7 Das Ziel religiöser Erziehung

8 Wie die Kinder von religiöser Erziehung profitieren können

9 Fazit

10 Literaturverzeichnis

1 Einleitung

Von Kindheit an sind junge Menschen auf ihre Eltern oder Bezugspersonen angewiesen, da sie ausreichende Zuwendung, Wärme, Schutz und eine notwendige Grundversorgung benötigen. In unserer säkularisierten Gesellschaft werden sie oft mit vielen Ideologien konfrontiert und nehmen tendenziell unreflektiert vieles an, was ihnen von Erwachsenen beigebracht wird. Viele Eltern fühlen sich unsicher, was religiöse Erziehung ihrer Kinder angeht. Obwohl einige Eltern sich eine weltanschaulich neutrale Erziehung wünschen, da sie in der Religion oder religiöser Erziehung ihrer Kinder eine unzulässige Bevormundung sehen, sind andere Erziehungsberechtigte mit ihrem religiösen Hintergrund davon überzeugt, dass ihre Kinder auch ein Recht auf religiöse Erziehung haben sollten. Diese Überlegung leitet die vorliegende Arbeit zum Thema „Haben Kinder das Recht auf religiöse Erziehung?“

Dabei liegt der Fokus dieser Hausarbeit darauf, anhand einschlägiger Literaturrecherche den LeserInnen einen Einblick in die religiöse Kindererziehung aus der Sicht einiger Religionspädagogen aus dem deutschsprachigen Raum zu verschaffen. Zuerst werde ich den Religionsbegriff aus christlicher Sicht erklären. Danach wird ein kurzer Blick auf den historischen Hintergrund religiöser Erziehung geworfen. Im folgenden Kapitel werde ich den rechtlichen Rahmen für religiöse Erziehung darstellen, welcher bei diesem Thema ebenso ins Gewicht fällt.

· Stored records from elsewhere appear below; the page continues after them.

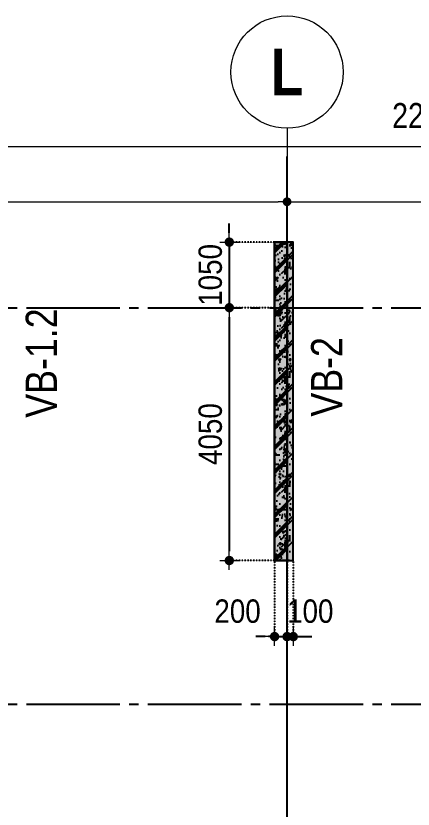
# Model space of a CAD drawing. Header units: millimetres. Extents: x -3973692 to -2843767, y 592734 to 838475.
# Drawn here: x -3065544 to -3059173, y 754199 to 766905 of the extents above; entities that cross this region are included whole.
import ezdxf
from ezdxf.enums import TextEntityAlignment as Align

# ---------------------------------------------------------------- set-up
doc = ezdxf.new("R2010")
doc.units = ezdxf.units.MM
doc.header["$MEASUREMENT"] = 0
doc.header["$PDMODE"] = 3
doc.header["$PDSIZE"] = -20
for name, pattern in [('CHG_XX_Luoi truc-Block B$0$MB_Luoi truc-150-TWB$0$Center101', [13, 10, -1, 1, -1]), ('DIVIDE2', [15.87499999999999, 6.349999999999998, -3.174999999999998, 0, -3.174999999999998, 0, -3.174999999999998]), ('HIDDEN5', [2.8375, 1.25, -1.5875])]:
    doc.linetypes.add(name, pattern=pattern)
doc.layers.get('0').update_dxf_attribs({"lineweight": 9})
doc.layers.get('Defpoints').update_dxf_attribs({"color": 10, "lineweight": 0})
for name, color, linetype, lineweight in [("'S_General_Dim_1", 1, 'Continuous', 18), ("'S_General_Divide_3 Intermediate", 3, 'DIVIDE2', 40), ('CHG_XX_Cot_Block B-T4-7$0$DBAO', 3, 'Continuous', 13), ('CHG_XX_Luoi truc-Block B$0$Dim 200', 1, 'Continuous', 5), ('TEXT', 7, 'Continuous', 15)]:
    doc.layers.add(name, color=color, linetype=linetype, lineweight=lineweight)
for name, color, linetype in [('CHG_XX_Cot_Block B-T4-7$0$mb_cot tang 1-3$0$Concrete Hatch', 218, 'Continuous'), ('CHG_XX_Cot_Block B-T4-7$0$mb_cot tang 1-3$0$Concrete Line', 6, 'Continuous'), ('CHG_XX_Cot_Block B-T4-7$0$mb_cot tang 1-3$0$Concrete Solid', 216, 'Continuous'), ('CHG_XX_Cot_Block B-T4-7$0$mb_cot tang 9-13 twb$0$Concrete Hatch', 218, 'Continuous'), ('CHG_XX_Cot_Block B-T4-7$0$mb_cot tang 9-13 twb$0$Concrete Line', 6, 'Continuous'), ('CHG_XX_Cot_Block B-T4-7$0$mb_cot tang 9-13 twb$0$Concrete Solid', 216, 'Continuous'), ('CHG_XX_Luoi truc-Block B$0$MB_Luoi truc-150-TWB$0$Grid', 34, 'Continuous'), ('CHG_XX_Luoi truc-Block B$0$MB_Luoi truc-150-TWB$0$Grid Line', 251, 'CHG_XX_Luoi truc-Block B$0$MB_Luoi truc-150-TWB$0$Center101'), ('dim', 1, 'Continuous')]:
    doc.layers.add(name, color=color, linetype=linetype)
doc.styles.add('arial', font='arial.ttf', dxfattribs={"width": 0.85})
doc.styles.add('CHG_XX_Luoi truc-Block B$0$MB_Luoi truc-150-TWB$0$Grid A-F$0$VNI-HelveCB', font='')
doc.styles.add('CHG_XX_Luoi truc-Block B$0$Star-HelCon', font='')
doc.styles.add('TTP-HelCon', font='')
doc.styles.get('CHG_XX_Luoi truc-Block B$0$MB_Luoi truc-150-TWB$0$Grid A-F$0$VNI-HelveCB').set_extended_font_data('VNI-Helve-Condense', bold=True)
doc.styles.get('CHG_XX_Luoi truc-Block B$0$Star-HelCon').set_extended_font_data('VNI-Helve-Condense')
doc.styles.get('TTP-HelCon').set_extended_font_data('VNI-Helve-Condense')
doc.dimstyles.new('150', dxfattribs={"dimscale": 150, "dimtxt": 2.5, "dimasz": 1, "dimexe": 0, "dimexo": 0, "dimgap": 0.75, "dimtad": 1, "dimdec": 0, "dimzin": 9, "dimdsep": 46, "dimtxsty": 'arial', "dimblk1": 'DIMDOT', "dimblk2": 'DIMDOT', "dimsah": 1, "dimcen": 2, "dimdle": 3, "dimclre": 8, "dimclrt": 2, "dimadec": 0, "dimazin": 0, "dimtfac": 1, "dimtdec": 0, "dimtix": 1, "dimtmove": 2, "dimatfit": 3, "dimldrblk": 'DIMPIJL', "dimfxl": 1, "dimtvp": 1.8, "dimtolj": 1, "dimtzin": 0, "dimarcsym": 0})
doc.dimstyles.new('CHG_XX_Luoi truc-Block B$0$Dim 200', dxfattribs={"dimscale": 200, "dimtxt": 2, "dimasz": 0.7, "dimexe": 1, "dimexo": 1, "dimgap": 1, "dimtad": 1, "dimdec": 0, "dimzin": 12, "dimdsep": 46, "dimtxsty": 'CHG_XX_Luoi truc-Block B$0$Star-HelCon', "dimblk": 'CHG_XX_Luoi truc-Block B$0$_Dot', "dimcen": 1, "dimclrd": 256, "dimclre": 256, "dimclrt": 3, "dimadec": 0, "dimazin": 0, "dimtfac": 1, "dimtdec": 0, "dimtix": 1, "dimtmove": 2, "dimatfit": 3, "dimldrblk": 'CHG_XX_Luoi truc-Block B$0$HTT Arrow 30', "dimfxl": 1, "dimtolj": 1, "dimtzin": 0, "dimarcsym": 0})

# ---------------------------------------------------------------- blocks, each defined once
blk = doc.blocks.new('*U3043')
at = {"layer": 'CHG_XX_Luoi truc-Block B$0$MB_Luoi truc-150-TWB$0$Grid Line'}
blk.add_line((0, 0), (0, 189), dxfattribs=at)
at = {"layer": 'CHG_XX_Luoi truc-Block B$0$MB_Luoi truc-150-TWB$0$Grid', "lineweight": -2, "style": 'CHG_XX_Luoi truc-Block B$0$MB_Luoi truc-150-TWB$0$Grid A-F$0$VNI-HelveCB'}
for tag, p in [('GRIDSUB', (0, 198)), ('GRID', (0, -9))]:
    blk.add_attdef(tag, text='', height=5, dxfattribs=at).set_placement(p, align=Align.MIDDLE)
blk = doc.blocks.new('CHG_XX_Luoi truc-Block B$0$_Dot')
at = {"color": 0, "linetype": 'ByBlock', "lineweight": -2}
blk.add_line((-0.5, 0), (-1, 0), dxfattribs=at)
at = {"color": 0, "linetype": 'ByBlock', "const_width": 0.5}
blk.add_lwpolyline([(-0.25, 0, 1), (0.25, 0, 1)], format="xyb", close=True, dxfattribs=at)
blk = doc.blocks.new('*D3047')
at = {"layer": 'CHG_XX_Luoi truc-Block B$0$Dim 200', "lineweight": -2, "transparency": 16777216}
for p, q in [((8026088.360705459, 1125780.489695714), (8026088.360705459, 1127745.146498515)), ((8036538.360705459, 1125780.489695714), (8036538.360705459, 1127745.146498515)), ((8026228.360705459, 1127545.146498515), (8036398.360705459, 1127545.146498515))]:
    blk.add_line(p, q, dxfattribs=at)
at = {"layer": 'Defpoints', "color": 0, "transparency": 16777216}
for p in [(8036538.360705459, 1127545.146498515), (8026088.360705459, 1125580.489695714), (8036538.360705459, 1125580.489695714)]:
    blk.add_point(p, dxfattribs=at)
at = {"layer": 'CHG_XX_Luoi truc-Block B$0$Dim 200', "lineweight": -2, "transparency": 16777216, "xscale": 140, "yscale": 140, "zscale": 140, "rotation": 180}
blk.add_blockref('CHG_XX_Luoi truc-Block B$0$_Dot', (8026088.360705459, 1127545.146498515), dxfattribs=at)
at = {"layer": 'CHG_XX_Luoi truc-Block B$0$Dim 200', "lineweight": -2, "transparency": 16777216, "xscale": 140, "yscale": 140, "zscale": 140}
blk.add_blockref('CHG_XX_Luoi truc-Block B$0$_Dot', (8036538.360705459, 1127545.146498515), dxfattribs=at)
at = {"layer": 'CHG_XX_Luoi truc-Block B$0$Dim 200', "color": 3, "transparency": 16777216, "insert": (8031313.360705459, 1127949.413165182), "char_height": 400, "attachment_point": 5, "style": 'CHG_XX_Luoi truc-Block B$0$Star-HelCon'}
blk.add_mtext('\\A1;10450', dxfattribs=at)
blk = doc.blocks.new('CHG_XX_Luoi truc-Block B$0$HTT Arrow 30')
blk.add_hatch(color=256).paths.add_polyline_path([(-2.5, 0.3750000000000002), (-2.5, -0.3749999999999998), (0, 0)])
at = {"color": 0, "linetype": 'ByBlock', "lineweight": -2}
for p, q in [((0, 0), (-2.5, 0.3750000000000002)), ((-2.5, -0.3749999999999998), (-2.5, 0.3750000000000002)), ((0, 0), (-2.5, -0.3749999999999998))]:
    blk.add_line(p, q, dxfattribs=at)
blk = doc.blocks.new('*D3048')
at = {"layer": 'CHG_XX_Luoi truc-Block B$0$Dim 200', "lineweight": -2, "transparency": 16777216}
for p, q in [((8036538.360705459, 1125780.489695714), (8036538.360705459, 1127745.146498515)), ((8048788.360705578, 1125780.489695714), (8048788.360705578, 1127745.146498515)), ((8036678.360705459, 1127545.146498515), (8048648.360705578, 1127545.146498515))]:
    blk.add_line(p, q, dxfattribs=at)
at = {"layer": 'Defpoints', "color": 0, "transparency": 16777216}
for p in [(8048788.360705578, 1127545.146498515), (8036538.360705459, 1125580.489695714), (8048788.360705578, 1125580.489695714)]:
    blk.add_point(p, dxfattribs=at)
at = {"layer": 'CHG_XX_Luoi truc-Block B$0$Dim 200', "lineweight": -2, "transparency": 16777216, "xscale": 140, "yscale": 140, "zscale": 140, "rotation": 180}
blk.add_blockref('CHG_XX_Luoi truc-Block B$0$_Dot', (8036538.360705459, 1127545.146498515), dxfattribs=at)
at = {"layer": 'CHG_XX_Luoi truc-Block B$0$Dim 200', "lineweight": -2, "transparency": 16777216, "xscale": 140, "yscale": 140, "zscale": 140}
blk.add_blockref('CHG_XX_Luoi truc-Block B$0$_Dot', (8048788.360705578, 1127545.146498515), dxfattribs=at)
at = {"layer": 'CHG_XX_Luoi truc-Block B$0$Dim 200', "color": 3, "transparency": 16777216, "insert": (8042663.360705518, 1127949.413165182), "char_height": 400, "attachment_point": 5, "style": 'CHG_XX_Luoi truc-Block B$0$Star-HelCon'}
blk.add_mtext('\\A1;12250', dxfattribs=at)
blk = doc.blocks.new('*D3049')
at = {"layer": 'CHG_XX_Luoi truc-Block B$0$Dim 200', "lineweight": -2, "transparency": 16777216}
for p, q in [((8026088.360705459, 1125780.489695714), (8026088.360705459, 1128627.62197251)), ((8048788.360705578, 1125780.489695714), (8048788.360705578, 1128627.62197251)), ((8026228.360705459, 1128427.62197251), (8048648.360705578, 1128427.62197251))]:
    blk.add_line(p, q, dxfattribs=at)
at = {"layer": 'Defpoints', "color": 0, "transparency": 16777216}
for p in [(8048788.360705578, 1128427.62197251), (8026088.360705459, 1125580.489695714), (8048788.360705578, 1125580.489695714)]:
    blk.add_point(p, dxfattribs=at)
at = {"layer": 'CHG_XX_Luoi truc-Block B$0$Dim 200', "lineweight": -2, "transparency": 16777216, "xscale": 140, "yscale": 140, "zscale": 140, "rotation": 180}
blk.add_blockref('CHG_XX_Luoi truc-Block B$0$_Dot', (8026088.360705459, 1128427.62197251), dxfattribs=at)
at = {"layer": 'CHG_XX_Luoi truc-Block B$0$Dim 200', "lineweight": -2, "transparency": 16777216, "xscale": 140, "yscale": 140, "zscale": 140}
blk.add_blockref('CHG_XX_Luoi truc-Block B$0$_Dot', (8048788.360705578, 1128427.62197251), dxfattribs=at)
at = {"layer": 'CHG_XX_Luoi truc-Block B$0$Dim 200', "color": 3, "transparency": 16777216, "insert": (8038860.405, 1128923.428), "char_height": 400, "attachment_point": 5, "style": 'CHG_XX_Luoi truc-Block B$0$Star-HelCon'}
blk.add_mtext('\\A1;22700', dxfattribs=at)
blk = doc.blocks.new('*U3113')
at = {"layer": 'CHG_XX_Cot_Block B-T4-7$0$mb_cot tang 9-13 twb$0$Concrete Hatch'}
h = blk.add_hatch(dxfattribs=at)
h.set_pattern_fill('CONCRETE', color=256, scale=50, style=0, pattern_type=2)
h.set_pattern_definition([(45, (-1550.000000000233, 49.99999999994191), (-176.7766952966369, 176.7766952966369), []), (45, (-1550.000000000233, 99.9999999999419), (-353.5533905932737, 353.5533905932738), []), (49.99999999999999, (-1550.000000000233, 49.99999999994191), (358.6300913003767, -31.37606749129755), [37.5, -412.5]), (355, (-1550.000000000233, 49.99999999994191), (-69.3756668065, 376.0960668500059), [30, -330]), (100.4514, (-1520.114160000233, 47.38532999994192), (289.2546908570108, 344.7197710304768), [31.870095, -350.571056]), (46.18420000000001, (-1550.000000000233, 149.9999999999419), (533.6205243128222, -82.75950716450905), [56.25, -618.75]), (96.6356, (-1505.531627500233, 143.1033464999419), (467.3313527743517, 487.0589354502209), [47.805144, -525.8565]), (351.1842, (-1550.000000000233, 149.9999999999419), (467.3309725668136, 487.0593004626623), [45, -495]), (21, (-1500.000000000233, 124.9999999999419), (298.4535260592309, -201.3094453326694), [37.5, -412.5]), (326.0000000000001, (-1500.000000000233, 124.9999999999419), (121.6576659607909, 362.5750225234265), [30, -330]), (71.4514, (-1475.128883500233, 108.2241969999419), (420.111314290745, 161.2652483549762), [31.870095, -350.571056]), (37.50000000000001, (-1550.000000000233, 49.99999999994191), (6.079927658645334, 166.4469269156558), [0, -326, 0, -335, 0, -331.25]), (7.499999999999999, (-1550.000000000233, 49.99999999994191), (131.5347687210743, 197.2058559411801), [0, -191, 0, -318.5, 0, -126.25]), (327.5, (-1661.500000000233, 49.99999999994191), (266.9112180862045, -11.2774358671899), [0, -125, 0, -390, 0, -517.5]), (317.5, (-1711.500000000233, 49.99999999994191), (291.5930846711931, 50.05249116615882), [0, -162.5, 0, -259, 0, -367.5]), (0, (-1375.000000000233, 224.9999999999419), (0, 875), [87.5, -787.5]), (0, (-1112.500000000233, 399.9999999999419), (0, 875), [87.5, -787.5]), (0, (-1287.500000000233, 749.9999999999419), (0, 875), [87.5, -350, 87.5, -350]), (90, (-1375.000000000233, 224.9999999999419), (-875, 5.35782974626967e-14), [87.5, -787.5]), (90, (-1287.500000000233, 749.9999999999419), (-875, 5.35782974626967e-14), [87.5, -787.5]), (90, (-1025.000000000233, 399.9999999999419), (-875, 5.35782974626967e-14), [87.5, -787.5]), (90, (-850.0000000002328, 662.4999999999419), (-875, 5.35782974626967e-14), [87.5, -787.5]), (135, (-1287.500000000233, 224.9999999999419), (-875.016357447105, 8.881784197001252e-14), [123.76, -1113.7]), (135, (-1200.000000000233, 749.9999999999419), (-875.016357447105, 8.881784197001252e-14), [123.76, -1113.7]), (45, (-1112.500000000233, 399.9999999999419), (8.881784197001252e-14, 875.016357447105), [123.76, -247.485, 123.76, -742.455]), (0, (-1725.000000000233, 49.99999999994191), (87.5, 87.5), [-175, 0])])
h.paths.add_polyline_path([(-3300.000000000233, 150), (-3300.000000000233, -50.00000000005809), (1800, -50.00000000005821), (1800, 150)])
at = {"layer": 'CHG_XX_Cot_Block B-T4-7$0$mb_cot tang 9-13 twb$0$Concrete Solid'}
blk.add_hatch(color=256, dxfattribs=at).paths.add_polyline_path([(-3300.000000000233, 150), (-3300.000000000233, -50.00000000005809), (1800, -50.00000000005821), (1800, 150)])
at = {"layer": 'CHG_XX_Cot_Block B-T4-7$0$mb_cot tang 9-13 twb$0$Concrete Line'}
blk.add_lwpolyline([(-3300.000000000233, 150), (-3300.000000000233, -50.00000000005809), (1800, -50.00000000005821), (1800, 150)], close=True, dxfattribs=at)
blk = doc.blocks.new('*U3120')
at = {"layer": 'CHG_XX_Cot_Block B-T4-7$0$mb_cot tang 1-3$0$Concrete Hatch'}
h = blk.add_hatch(dxfattribs=at)
h.set_pattern_fill('CONCRETE', color=256, scale=50, style=0, pattern_type=2)
h.set_pattern_definition([(45, (-50.00000000008731, -4850), (-176.7766952966369, 176.7766952966369), []), (45, (-50.00000000008731, -4800), (-353.5533905932737, 353.5533905932738), []), (49.99999999999999, (-50.00000000008731, -4850), (358.6300913003767, -31.37606749129755), [37.5, -412.5]), (355, (-50.00000000008731, -4850), (-69.3756668065, 376.0960668500059), [30, -330]), (100.4514, (-20.11416000008731, -4852.61467), (289.2546908570108, 344.7197710304768), [31.870095, -350.571056]), (46.18420000000001, (-50.00000000008731, -4750), (533.6205243128222, -82.75950716450905), [56.25, -618.75]), (96.6356, (-5.531627500087325, -4756.8966535), (467.3313527743517, 487.0589354502209), [47.805144, -525.8565]), (351.1842, (-50.00000000008731, -4750), (467.3309725668136, 487.0593004626623), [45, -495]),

Anschließend werde ich die Persönlichkeitsentwicklung nach Erikson sowie religiöses Verständnis von Kindern im Vorschulalter aufzeigen. Im Weiteren möchte ich Inhalte und Formen religiöser Erziehung schildern (ohne jedoch den Anspruch auf Vollständigkeit zu erheben), die an vier bekannten Lernorten praktiziert werden. Außerdem ist kurz auf die Hilfestellungen einzugehen, die Kinder bei ihren Lebens- und Glaubensfragen benötigen.

Zuletzt möchte ich das Ziel der religiösen Erziehung anhand der Aussagen der Religionspädagogen formulieren und dazu sieben Perspektiven nach Friedrich Schweitzer zeigen, wie Kinder von religiöser Erziehung profitieren können. Schließlich werde ich im Fazit meine persönliche Stellung zu diesem Thema beziehen.

2 Religionsbegriff

In diesem Kapitel möchte ich die Begriffe „Religion“ „Religiosität“ und „religiöse Erziehung“ definieren und mich hierbei besonders auf den letztgenannten fokussieren, der den Schwerpunkt meiner Arbeit bildet.

Es ist bekannt, dass es für den Begriff „Religion“ keine allgemein gültige Definition gibt. Jeder Mensch versteht für sich darunter etwas anderes – zum Beispiel das Führen eines spirituellen Lebens, das Einhalten religiöser Rituale/Regeln oder die Zugehörigkeit zu einer bestimmten Glaubensgemeinschaft.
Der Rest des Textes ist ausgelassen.